Combined, these four governments outspend Iran by a factor of nearly 60. Even if Iran is really spending double what the Stockholm researchers say, it would still be outspent 30 to 1, and 3 to 1 by Saudi Arabia alone.
But, back to Adesnik’s brief. Turning his attention to Iraq, he suggests that Iran “may” have spent $1 billion a year there since 2014. It is unclear whether Adesnik includes Iranian support for the Baghdad government – also backed by the United States – in his $16 billion figure for Iranian support for “terrorists and rogue regimes.” Nor is it clear if he includes the resources Iran has committed against ISIS/Daesh as part of the $16 billion.
Regarding Lebanon, Adesnik gives a figure of $800 million for Iran’s annual support for Hezbollah, which he sources to a September 2017 report by the Foundation for Defense of Democracies itself. The study notes, citing the Wall Street Journal, that nearly 25% of this estimated total in 2006 – $180 million – was funding provided by Iran “to rebuild homes” destroyed during the Israel’s invasion of Lebanon that year.
So much for “open-source evidence.” And so much for the $16 billion.
In one variation of this “Iranian billions” argument, some claim evidence is not needed because the support is hidden. Iran funds regional military outreach, goes the argument, without including the money in official accounts, perhaps channeling resources though opaque religious foundations.
No doubt it does. But where would Iran raise this $16 billion or more a year before squirreling it secretly to its allies? Since the easing of sanctions after the 2015 nuclear agreement, formally known as the Joint Comprehensive Plan of Action or JCPOA, Iran has doubled its oil and condensate sales to produce a revenue of around $40 billion a year. Is it really believable that 40% or more of that revenue would go to regional military aid?
Would such a massive diversion not show up elsewhere in the economy? There is broad consensus among economists that Iran’s recovery from recession since the nuclear deal and current annual GDP growth rate of 5.6%, according to the London-based Economist Intelligence Unit, is the result of increased oil revenue.
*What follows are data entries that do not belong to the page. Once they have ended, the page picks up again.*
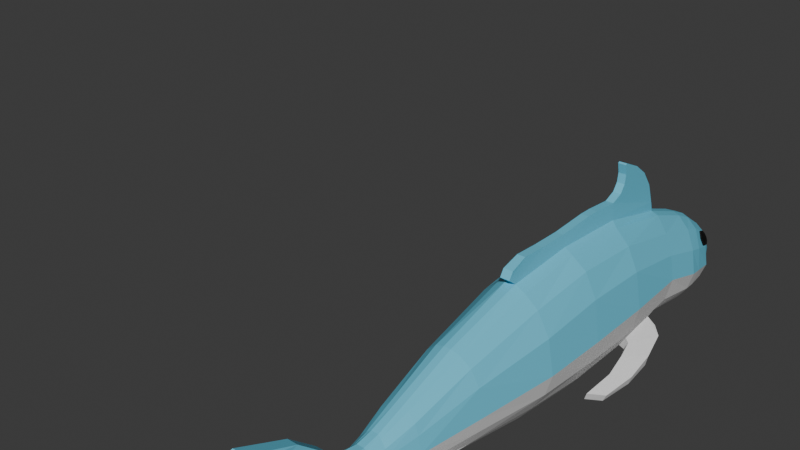 # Source: little_fish.blend  (saved by Blender 4.4.32; exported with 4.5.12 LTS)
import bpy
from mathutils import Matrix  # noqa: F401  (used for matrix-valued properties, if any)

bpy.ops.wm.read_factory_settings(use_empty=True)
scene = bpy.context.scene
scene.name = 'Scene'

# ---- materials (node trees are filled in below, after node groups)
mat_material_001 = bpy.data.materials.new('Material.001')
mat_material_002 = bpy.data.materials.new('Material.002')
mat_material_003 = bpy.data.materials.new('Material.003')

# ---- material node trees
mat_material_001.use_nodes = True; mat_material_001.node_tree.nodes.clear()
_N = mat_material_001.node_tree.nodes; _L = mat_material_001.node_tree.links
n0 = _N.new('ShaderNodeBsdfPrincipled'); n0.name = 'Principled BSDF'; n0.location = (10, 300)
n0.inputs[0].default_value = (0.0, 0.0, 0.0, 1.0)
n1 = _N.new('ShaderNodeOutputMaterial'); n1.name = 'Material Output'; n1.location = (300, 300)
_L.new(n0.outputs[0], n1.inputs[0])
n1.is_active_output = True
mat_material_002.use_nodes = True; mat_material_002.node_tree.nodes.clear()
_N = mat_material_002.node_tree.nodes; _L = mat_material_002.node_tree.links
n0 = _N.new('ShaderNodeBsdfPrincipled'); n0.name = 'Principled BSDF'; n0.location = (10, 300)
n1 = _N.new('ShaderNodeOutputMaterial'); n1.name = 'Material Output'; n1.location = (300, 300)
_L.new(n0.outputs[0], n1.inputs[0])
n1.is_active_output = True
mat_material_003.use_nodes = True; mat_material_003.node_tree.nodes.clear()
_N = mat_material_003.node_tree.nodes; _L = mat_material_003.node_tree.links
n0 = _N.new('ShaderNodeBsdfPrincipled'); n0.name = 'Principled BSDF'; n0.location = (10, 300)
n0.inputs[0].default_value = (0.1435, 0.5983, 0.8003, 1.0)
n1 = _N.new('ShaderNodeOutputMaterial'); n1.name = 'Material Output'; n1.location = (300, 300)
_L.new(n0.outputs[0], n1.inputs[0])
n1.is_active_output = True

# ---- world
world_world = bpy.data.worlds.new('World'); scene.world = world_world
world_world.use_nodes = True; world_world.node_tree.nodes.clear()
_N = world_world.node_tree.nodes; _L = world_world.node_tree.links
n0 = _N.new('ShaderNodeOutputWorld'); n0.name = 'World Output'; n0.location = (300, 300)
n1 = _N.new('ShaderNodeBackground'); n1.name = 'Background'; n1.location = (10, 300)
n1.inputs[0].default_value = (0.05088, 0.05088, 0.05088, 1.0)
_L.new(n1.outputs[0], n0.inputs[0])
n0.is_active_output = True
world_world.color = (0.05088, 0.05088, 0.05088)
world_world.sun_shadow_jitter_overblur = 0.0

# ---- meshes
me_uploads_files_6405736_free_fish_pack_001 = bpy.data.meshes.new('uploads_files_6405736_free_fish_pack.001')
me_uploads_files_6405736_free_fish_pack_001.from_pydata([(0.1182, 1.115, 3.133), (0.1237, 1.098, 3.143), (0.1287, 1.103, 3.123), (0.1112, 1.126, 3.125), (0.1294, 1.104, 3.106), (0.09856, 1.126, 3.115), (0.1196, 1.1, 3.094), (0.131, 1.084, 3.13), (0.1334, 1.072, 3.118), (0.1242, 1.064, 3.108), (0.1228, 1.079, 3.148), (0.1192, 1.062, 3.149), (0.1078, 1.052, 3.144), (0.1123, 1.091, 3.158), (0.101, 1.085, 3.168), (0.08677, 1.078, 3.165), (0.09695, 1.116, 3.156), (0.08215, 1.115, 3.151), (0.11, 1.11, 3.151), (0.07082, 0.08977, 2.88), (0.04965, 0.4272, 2.848), (0.1165, 0.4044, 2.934), (0.1184, 0.088, 2.942), (0.04965, 0.4139, 3.43), (0.05374, 0.08519, 3.453), (0.1184, 0.08141, 3.408), (0.1165, 0.396, 3.381), (0.06397, -0.2232, 2.911), (0.1119, -0.2213, 2.974), (0.03185, 1.292, 2.962), (0.02685, 1.298, 2.997), (0.05642, 1.262, 3.009), (0.06142, 1.256, 2.97), (0.03684, 1.241, 2.908), (0.07421, 1.205, 2.935), (0.03407, 1.25, 3.072), (0.06754, 1.224, 3.059), (0.04769, 0.9636, 3.273), (0.04643, 0.7625, 3.35), (0.1062, 0.7355, 3.296), (0.1065, 0.94, 3.234), (0.01665, 0.7652, 3.36), (0.02232, 0.4283, 3.45), (0.01664, 1.157, 2.861), (0.01323, 1.266, 2.907), (0.04638, 1.134, 2.875), (0.01879, 0.9695, 3.281), (0.01569, -0.2242, 2.892), (0.02154, 0.0891, 2.858), (0.02154, 0.08611, 3.474), (0.01637, 0.4364, 2.835), (0.01932, -0.2242, 3.456), (0.01425, -0.5788, 3.369), (0.05056, -0.5758, 3.356), (0.05992, -0.2225, 3.432), (0.01665, 0.7235, 2.87), (0.04643, 0.7142, 2.883), (0.1666, 0.3862, 3.291), (0.151, 0.709, 3.222), (0.1119, -0.2175, 3.384), (0.09089, -0.5684, 3.319), (0.1222, -0.5633, 3.254), (0.1619, -0.2146, 3.288), (0.1666, 0.3961, 3.023), (0.1669, 0.08325, 3.035), (0.1669, 0.08325, 3.308), (0.1619, -0.2144, 3.054), (0.09042, 1.102, 2.905), (0.1931, 0.3903, 3.135), (0.151, 0.6964, 3.023), (0.1746, 0.7002, 3.121), (0.1923, 0.08325, 3.138), (0.1844, -0.2089, 3.14), (0.1361, -0.5626, 3.138), (0.1628, 0.9754, 3.044), (0.1445, 0.9695, 2.972), (0.1204, 1.094, 2.949), (0.1415, 1.1, 3.011), (0.1007, 0.975, 2.906), (0.152, 0.9137, 3.161), (0.1445, 0.993, 3.135), (0.121, 1.114, 3.089), (0.1219, -0.5629, 3.075), (0.09617, 1.188, 2.986), (0.09089, -0.5698, 3.015), (0.01425, -0.5788, 2.956), (0.0541, -0.5758, 2.974), (0.09785, -0.8329, 3.138), (0.08324, -0.8279, 3.079), (0.01442, -0.8241, 3.281), (0.03741, -0.8257, 3.272), (0.04844, -1.07, 3.141), (0.02952, -1.156, 3.143), (0.0276, -1.16, 3.078), (0.04245, -1.069, 3.099), (0.04383, -1.064, 3.187), (0.0526, -1.009, 3.177), (0.04498, -1.009, 3.201), (0.03889, -1.061, 3.203), (0.03785, -0.8191, 3.025), (0.01442, -0.8184, 3.009), (0.05999, -0.8233, 3.05), (0.0002915, 1.306, 2.96), (-0.0002915, 1.306, 2.995), (0.01101, 1.263, 3.072), (0.01282, -1.058, 3.039), (0.01726, -1.061, 3.048), (0.01571, -1.145, 3.017), (0.0285, -1.065, 3.062), (0.05626, -0.7825, 3.033), (0.0802, -0.6582, 3.019), (0.06151, -0.9578, 3.183), (0.08465, -0.8319, 3.202), (0.07031, -0.8296, 3.243), (0.05195, -0.9518, 3.209), (0.07034, -0.9591, 3.139), (0.04272, -0.9502, 3.07), (0.06026, -0.9555, 3.099), (0.176, 0.8991, 3.064), (0.04138, 1.169, 3.154), (0.08376, 1.149, 3.137), (0.1065, 0.9141, 2.918), (0.152, 0.9033, 2.983), (0.04769, 0.9324, 2.87), (0.04638, 0.9913, 2.868), (0.01387, 1.178, 3.158), (0.01664, 1.066, 3.235), (0.04638, 1.058, 3.227), (0.01711, 0.9418, 2.859), (0.01664, 0.9978, 2.858), (0.1007, 1.032, 3.2), (0.03542, -1.513, 3.481), (0.03185, -1.46, 3.389), (0.02058, -1.29, 3.415), (0.02371, -1.487, 3.5), (0.02449, -1.173, 3.316), (0.03853, -1.454, 3.263), (0.03889, -1.301, 3.134), (0.02739, -1.125, 3.253), (0.02449, -1.277, 2.852), (0.03875, -1.439, 2.912), (0.03042, -1.501, 2.814), (0.0187, -1.478, 2.788), (0.03902, -1.447, 3.019), (0.02185, -1.19, 2.952), (0.02939, -1.145, 3.202), (0.02966, -0.9463, 3.232), (0.01432, -0.9412, 3.241), (0.02657, -1.056, 3.227), (0.0905, 1.205, 3.036), (0.1062, 0.7042, 2.952), (0.06548, 0.6729, 2.895), (0.06494, 0.4918, 2.873), (0.1012, 0.4849, 2.921), (0.101, 0.6674, 2.934), (0.1208, 0.4732, 2.909), (0.1737, 0.6325, 2.887), (0.1543, 0.636, 2.844), (0.1944, 0.5152, 2.855), (0.1849, 0.5154, 2.807), (0.1386, 0.663, 2.909), (0.1112, 0.6676, 2.869), (0.1043, 0.4747, 2.872), (0.1192, 0.3996, 2.849), (0.1849, 0.3841, 2.787), (0.129, 0.3017, 2.819), (0.134, 0.3985, 2.89), (0.1399, 0.3018, 2.857), (0.1178, 0.1562, 2.809), (0.1273, 0.1535, 2.84), (0.196, 0.3828, 2.826), (0.1742, 0.2268, 2.812), (0.1614, 0.2261, 2.782), (0.03596, -1.009, 3.069), (0.01858, -1.009, 3.054), (0.02092, -0.9429, 3.051), (0.02696, -1.009, 3.219), (0.01473, -1.009, 3.229), (0.01866, -1.052, 3.233), (0.05966, -1.009, 3.139), (0.05139, -1.009, 3.101), (0.01232, -0.9397, 3.043), (0.01172, -1.009, 3.046), (0.03853, -1.394, 3.137), (0.01665, 0.5093, 3.658), (0.01665, 0.501, 3.654), (0.01665, 0.5112, 3.611), (0.01665, 0.5942, 3.618), (0.01665, 0.5056, 3.572), (0.01665, 0.6628, 3.566), (0.01665, 0.4832, 3.54), (0.01665, 0.7163, 3.495), (0.01665, 0.4304, 3.52), (0.01665, 0.7512, 3.405), (-0.01665, 0.07628, 3.527), (-0.01665, 0.2488, 3.534), (-0.02154, 0.08611, 3.474), (-0.01665, -0.05804, 3.531), (0.04431, -0.7845, 3.021), (0.05938, -0.663, 2.999), (0.07698, -0.6587, 2.982), (0.05302, -0.783, 3.006), (0.1027, -0.6784, 2.95), (0.1255, -0.6735, 2.964), (0.1427, -0.745, 2.928), (0.1205, -0.7487, 2.917), (0.09811, -0.6539, 2.999), (0.06515, -0.7809, 3.016), (0.09892, -0.7987, 2.985), (0.0973, -0.8255, 2.959), (0.1367, -0.8085, 2.915), (0.08021, -0.7851, 3.005), (0.06719, -0.7876, 2.996), (0.08627, -0.8008, 2.978), (0.088, -0.8259, 2.953), (0.1204, -0.8092, 2.906), (0.1062, -0.8777, 2.906), (0.09498, -0.8806, 2.934), (0.1156, -0.8771, 2.91), (0.1019, -0.8801, 2.937), (-0.1182, 1.115, 3.133), (-0.1287, 1.103, 3.123), (-0.1237, 1.098, 3.143), (-0.1112, 1.126, 3.125), (-0.1294, 1.104, 3.106), (-0.09856, 1.126, 3.115), (-0.1196, 1.1, 3.094), (-0.1334, 1.072, 3.118), (-0.131, 1.084, 3.13), (-0.1242, 1.064, 3.108), (-0.1192, 1.062, 3.149), (-0.1228, 1.079, 3.148), (-0.1078, 1.052, 3.144), (-0.101, 1.085, 3.168), (-0.1123, 1.091, 3.158), (-0.08677, 1.078, 3.165), (-0.08215, 1.115, 3.151), (-0.09695, 1.116, 3.156), (-0.11, 1.11, 3.151), (-0.07082, 0.08977, 2.88), (-0.1184, 0.088, 2.942), (-0.1165, 0.4044, 2.934), (-0.04965, 0.4272, 2.848), (-0.04965, 0.4139, 3.43), (-0.1165, 0.396, 3.381), (-0.1184, 0.08141, 3.408), (-0.05374, 0.08519, 3.453), (-0.06397, -0.2232, 2.911), (-0.1119, -0.2213, 2.974), (-0.03185, 1.292, 2.962), (-0.06142, 1.256, 2.97), (-0.05642, 1.262, 3.009), (-0.02685, 1.298, 2.997), (-0.03684, 1.241, 2.908), (-0.07421, 1.205, 2.935), (-0.06754, 1.224, 3.059), (-0.03407, 1.25, 3.072), (-0.04769, 0.9636, 3.273), (-0.1065, 0.94, 3.234), (-0.1062, 0.7355, 3.296), (-0.04643, 0.7625, 3.35), (-0.01665, 0.7652, 3.36), (-0.02232, 0.4283, 3.45), (-0.01664, 1.157, 2.861), (-0.04638, 1.134, 2.875), (-0.01323, 1.266, 2.907), (-0.01879, 0.9695, 3.281), (-0.01569, -0.2242, 2.892), (-0.02154, 0.0891, 2.858), (-0.01637, 0.4364, 2.835), (-0.01932, -0.2242, 3.456), (-0.05992, -0.2225, 3.432), (-0.05056, -0.5758, 3.356), (-0.01425, -0.5788, 3.369), (-0.04643, 0.7142, 2.883), (-0.01665, 0.7235, 2.87), (-0.151, 0.709, 3.222), (-0.1666, 0.3862, 3.291), (-0.1119, -0.2175, 3.384), (-0.1619, -0.2146, 3.288), (-0.1222, -0.5633, 3.254), (-0.09089, -0.5684, 3.319), (-0.1669, 0.08325, 3.035), (-0.1666, 0.3961, 3.023), (-0.1669, 0.08325, 3.308), (-0.1619, -0.2144, 3.054), (-0.09042, 1.102, 2.905), (-0.1931, 0.3903, 3.135), (-0.1746, 0.7002, 3.121), (-0.151, 0.6964, 3.023), (-0.1923, 0.08325, 3.138), (-0.1844, -0.2089, 3.14), (-0.1361, -0.5626, 3.138), (-0.1628, 0.9754, 3.044), (-0.1415, 1.1, 3.011), (-0.1204, 1.094, 2.949), (-0.1445, 0.9695, 2.972), (-0.1007, 0.975, 2.906), (-0.152, 0.9137, 3.161), (-0.1445, 0.993, 3.135), (-0.121, 1.114, 3.089), (-0.1219, -0.5629, 3.075), (-0.09617, 1.188, 2.986), (-0.09089, -0.5698, 3.015), (-0.01425, -0.5788, 2.956), (-0.0541, -0.5758, 2.974), (-0.08324, -0.8279, 3.079), (-0.09785, -0.8329, 3.138), (-0.03741, -0.8257, 3.272), (-0.01442, -0.8241, 3.281), (-0.04844, -1.07, 3.141), (-0.04245, -1.069, 3.099), (-0.0276, -1.16, 3.078), (-0.02952, -1.156, 3.143), (-0.04383, -1.064, 3.187), (-0.03889, -1.061, 3.203), (-0.04498, -1.009, 3.201), (-0.0526, -1.009, 3.177), (-0.01442, -0.8184, 3.009), (-0.03785, -0.8191, 3.025), (-0.05999, -0.8233, 3.05), (-0.01101, 1.263, 3.072), (-0.01282, -1.058, 3.039), (-0.01571, -1.145, 3.017), (-0.01726, -1.061, 3.048), (-0.0285, -1.065, 3.062), (-0.05626, -0.7825, 3.033), (-0.06151, -0.9578, 3.183), (-0.05195, -0.9518, 3.209), (-0.07031, -0.8296, 3.243), (-0.08465, -0.8319, 3.202), (-0.07034, -0.9591, 3.139), (-0.04272, -0.9502, 3.07), (-0.06026, -0.9555, 3.099), (-0.176, 0.8991, 3.064), (-0.08376, 1.149, 3.137), (-0.04138, 1.169, 3.154), (-0.1065, 0.9141, 2.918), (-0.152, 0.9033, 2.983), (-0.04769, 0.9324, 2.87), (-0.04638, 0.9913, 2.868), (-0.01387, 1.178, 3.158), (-0.04638, 1.058, 3.227), (-0.01664, 1.066, 3.235), (-0.01711, 0.9418, 2.859), (-0.01664, 0.9978, 2.858), (-0.1007, 1.032, 3.2), (-0.03542, -1.513, 3.481), (-0.02371, -1.487, 3.5), (-0.02058, -1.29, 3.415), (-0.03185, -1.46, 3.389), (-0.02449, -1.173, 3.316), (-0.03853, -1.454, 3.263), (-0.02739, -1.125, 3.253), (-0.03889, -1.301, 3.134), (-0.02449, -1.277, 2.852), (-0.0187, -1.478, 2.788), (-0.03042, -1.501, 2.814), (-0.03875, -1.439, 2.912), (-0.03902, -1.447, 3.019), (-0.02185, -1.19, 2.952), (-0.02939, -1.145, 3.202), (-0.02966, -0.9463, 3.232), (-0.01432, -0.9412, 3.241), (-0.02657, -1.056, 3.227), (-0.0905, 1.205, 3.036), (-0.1062, 0.7042, 2.952), (-0.06548, 0.6729, 2.895), (-0.06494, 0.4918, 2.873), (-0.1012, 0.4849, 2.921), (-0.101, 0.6674, 2.934), (-0.1737, 0.6325, 2.887), (-0.1208, 0.4732, 2.909), (-0.1543, 0.636, 2.844), (-0.1849, 0.5154, 2.807), (-0.1944, 0.5152, 2.855), (-0.1386, 0.663, 2.909), (-0.1112, 0.6676, 2.869), (-0.1043, 0.4747, 2.872), (-0.1192, 0.3996, 2.849), (-0.129, 0.3017, 2.819), (-0.1849, 0.3841, 2.787), (-0.134, 0.3985, 2.89), (-0.1399, 0.3018, 2.857), (-0.1273, 0.1535, 2.84), (-0.1178, 0.1562, 2.809), (-0.1614, 0.2261, 2.782), (-0.1742, 0.2268, 2.812), (-0.196, 0.3828, 2.826), (-0.02092, -0.9429, 3.051), (-0.01858, -1.009, 3.054), (-0.03596, -1.009, 3.069), (-0.02696, -1.009, 3.219), (-0.01866, -1.052, 3.233), (-0.01473, -1.009, 3.229), (-0.05139, -1.009, 3.101), (-0.05966, -1.009, 3.139), (-0.01232, -0.9397, 3.043), (-0.01172, -1.009, 3.046), (-0.03853, -1.394, 3.137), (-0.01665, 0.5093, 3.658), (-0.01665, 0.5942, 3.618), (-0.01665, 0.5112, 3.611), (-0.01665, 0.501, 3.654), (-0.01665, 0.6628, 3.566), (-0.01665, 0.5056, 3.572), (-0.01665, 0.7163, 3.495), (-0.01665, 0.4832, 3.54), (-0.01665, 0.7512, 3.405), (-0.01665, 0.4304, 3.52), (-0.01665, -0.1679, 3.538), (-0.01932, -0.2623, 3.486), (-0.01932, -0.244, 3.515), (-0.04431, -0.7845, 3.021), (-0.05302, -0.783, 3.006), (-0.07698, -0.6587, 2.982), (-0.05938, -0.663, 2.999), (-0.1027, -0.6784, 2.95), (-0.1205, -0.7487, 2.917), (-0.1427, -0.745, 2.928), (-0.1255, -0.6735, 2.964), (-0.09811, -0.6539, 2.999), (-0.0802, -0.6582, 3.019), (-0.06515, -0.7809, 3.016), (-0.1367, -0.8085, 2.915), (-0.0973, -0.8255, 2.959), (-0.09892, -0.7987, 2.985), (-0.08021, -0.7851, 3.005), (-0.08627, -0.8008, 2.978), (-0.06719, -0.7876, 2.996), (-0.088, -0.8259, 2.953), (-0.09498, -0.8806, 2.934), (-0.1062, -0.8777, 2.906), (-0.1204, -0.8092, 2.906), (-0.1156, -0.8771, 2.91), (-0.1019, -0.8801, 2.937), (0.01932, -0.2623, 3.486), (0.01932, -0.244, 3.515), (0.01665, -0.1679, 3.538), (0.01665, -0.05804, 3.531), (0.01665, 0.07628, 3.527), (0.01665, 0.2488, 3.534), (0.01665, 0.3083, 3.532), (-0.01665, 0.3083, 3.532)], [], [(0, 1, 2), (3, 0, 2), (3, 2, 4), (5, 3, 4), (5, 4, 6), (4, 2, 7), (4, 7, 8), (6, 4, 8), (6, 8, 9), (2, 1, 7), (8, 7, 10), (8, 10, 11), (9, 8, 11), (9, 11, 12), (7, 1, 10), (11, 10, 13), (11, 13, 14), (12, 11, 14), (12, 14, 15), (10, 1, 13), (15, 14, 16), (15, 16, 17), (13, 1, 18), (14, 13, 18), (14, 18, 16), (17, 16, 3), (17, 3, 5), (18, 1, 0), (16, 18, 0), (16, 0, 3), (19, 20, 21), (19, 21, 22), (23, 24, 25), (23, 25, 26), (27, 19, 22), (27, 22, 28), (29, 30, 31), (29, 31, 32), (33, 29, 32), (33, 32, 34), (30, 35, 36), (30, 36, 31), (37, 38, 39), (37, 39, 40), (41, 42, 23), (41, 23, 38), (43, 44, 33), (43, 33, 45), (46, 41, 38), (46, 38, 37), (47, 48, 19), (47, 19, 27), (42, 49, 24), (42, 24, 23), (48, 50, 20), (48, 20, 19), (51, 52, 53), (51, 53, 54), (50, 55, 56), (50, 56, 20), (39, 26, 57), (39, 57, 58), (59, 60, 61), (59, 61, 62), (22, 21, 63), (22, 63, 64), (26, 25, 65), (26, 65, 57), (28, 22, 64), (28, 64, 66), (54, 53, 60), (54, 60, 59), (38, 23, 26), (38, 26, 39), (45, 33, 34), (45, 34, 67), (68, 63, 69), (68, 69, 70), (68, 57, 65), (68, 65, 71), (72, 62, 61), (72, 61, 73), (74, 75, 76), (74, 76, 77), (76, 75, 78), (76, 78, 67), (40, 39, 58), (40, 58, 79), (80, 74, 77), (80, 77, 81), (66, 72, 73), (66, 73, 82), (63, 68, 71), (63, 71, 64), (57, 68, 70), (57, 70, 58), (34, 32, 83), (64, 71, 72), (64, 72, 66), (71, 65, 62), (71, 62, 72), (24, 54, 59), (24, 59, 25), (84, 28, 66), (84, 66, 82), (25, 59, 62), (25, 62, 65), (49, 51, 54), (49, 54, 24), (85, 47, 27), (85, 27, 86), (86, 27, 28), (86, 28, 84), (82, 73, 87), (82, 87, 88), (53, 52, 89), (53, 89, 90), (91, 92, 93), (91, 93, 94), (95, 96, 97), (95, 97, 98), (76, 34, 83), (76, 83, 77), (85, 86, 99), (85, 99, 100), (84, 82, 88), (84, 88, 101), (30, 29, 102), (30, 102, 103), (103, 104, 30), (35, 30, 104), (102, 29, 44), (33, 44, 29), (105, 106, 107), (108, 107, 106), (109, 110, 101), (111, 112, 113), (111, 113, 114), (111, 115, 87), (111, 87, 112), (60, 53, 90), (60, 90, 113), (116, 101, 88), (116, 88, 117), (79, 118, 74), (79, 74, 80), (35, 119, 120), (35, 120, 36), (121, 78, 75), (121, 75, 122), (118, 122, 75), (118, 75, 74), (123, 124, 78), (123, 78, 121), (125, 126, 127), (125, 127, 119), (128, 129, 124), (128, 124, 123), (119, 127, 130), (119, 130, 120), (131, 132, 133), (131, 133, 134), (135, 133, 132), (135, 132, 136), (136, 137, 138), (136, 138, 135), (139, 140, 141), (139, 141, 142), (143, 140, 139), (143, 139, 144), (144, 107, 137), (144, 137, 143), (138, 137, 145), (145, 137, 92), (107, 93, 137), (92, 137, 93), (146, 90, 89), (146, 89, 147), (98, 148, 138), (98, 138, 145), (104, 125, 119), (104, 119, 35), (130, 80, 81), (130, 81, 120), (81, 149, 36), (81, 36, 120), (36, 149, 31), (81, 77, 83), (81, 83, 149), (31, 149, 83), (31, 83, 32), (124, 45, 67), (124, 67, 78), (129, 43, 45), (129, 45, 124), (67, 34, 76), (150, 69, 63), (150, 63, 21), (151, 152, 20), (151, 20, 56), (153, 154, 150), (153, 150, 21), (152, 153, 21), (152, 21, 20), (154, 151, 56), (154, 56, 150), (153, 155, 156), (157, 156, 158), (157, 158, 159), (160, 156, 157), (160, 157, 161), (153, 152, 162), (153, 162, 155), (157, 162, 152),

As Djavad Salehi-Isfahani, Professor of Economics at Virginia Tech, has written in LobeLog, “Iran’s economic recovery was slow to materialize after the JCPOA was signed but rebounded vigorously once it went into effect… [This] was mainly spurred by the easing of sanctions on trade, in particular oil exports.”
Could this recovery have happened if 40% of Iran’s total oil revenue was being sent and spent abroad every year in support for Iran’s allies? The answer, surely, is no.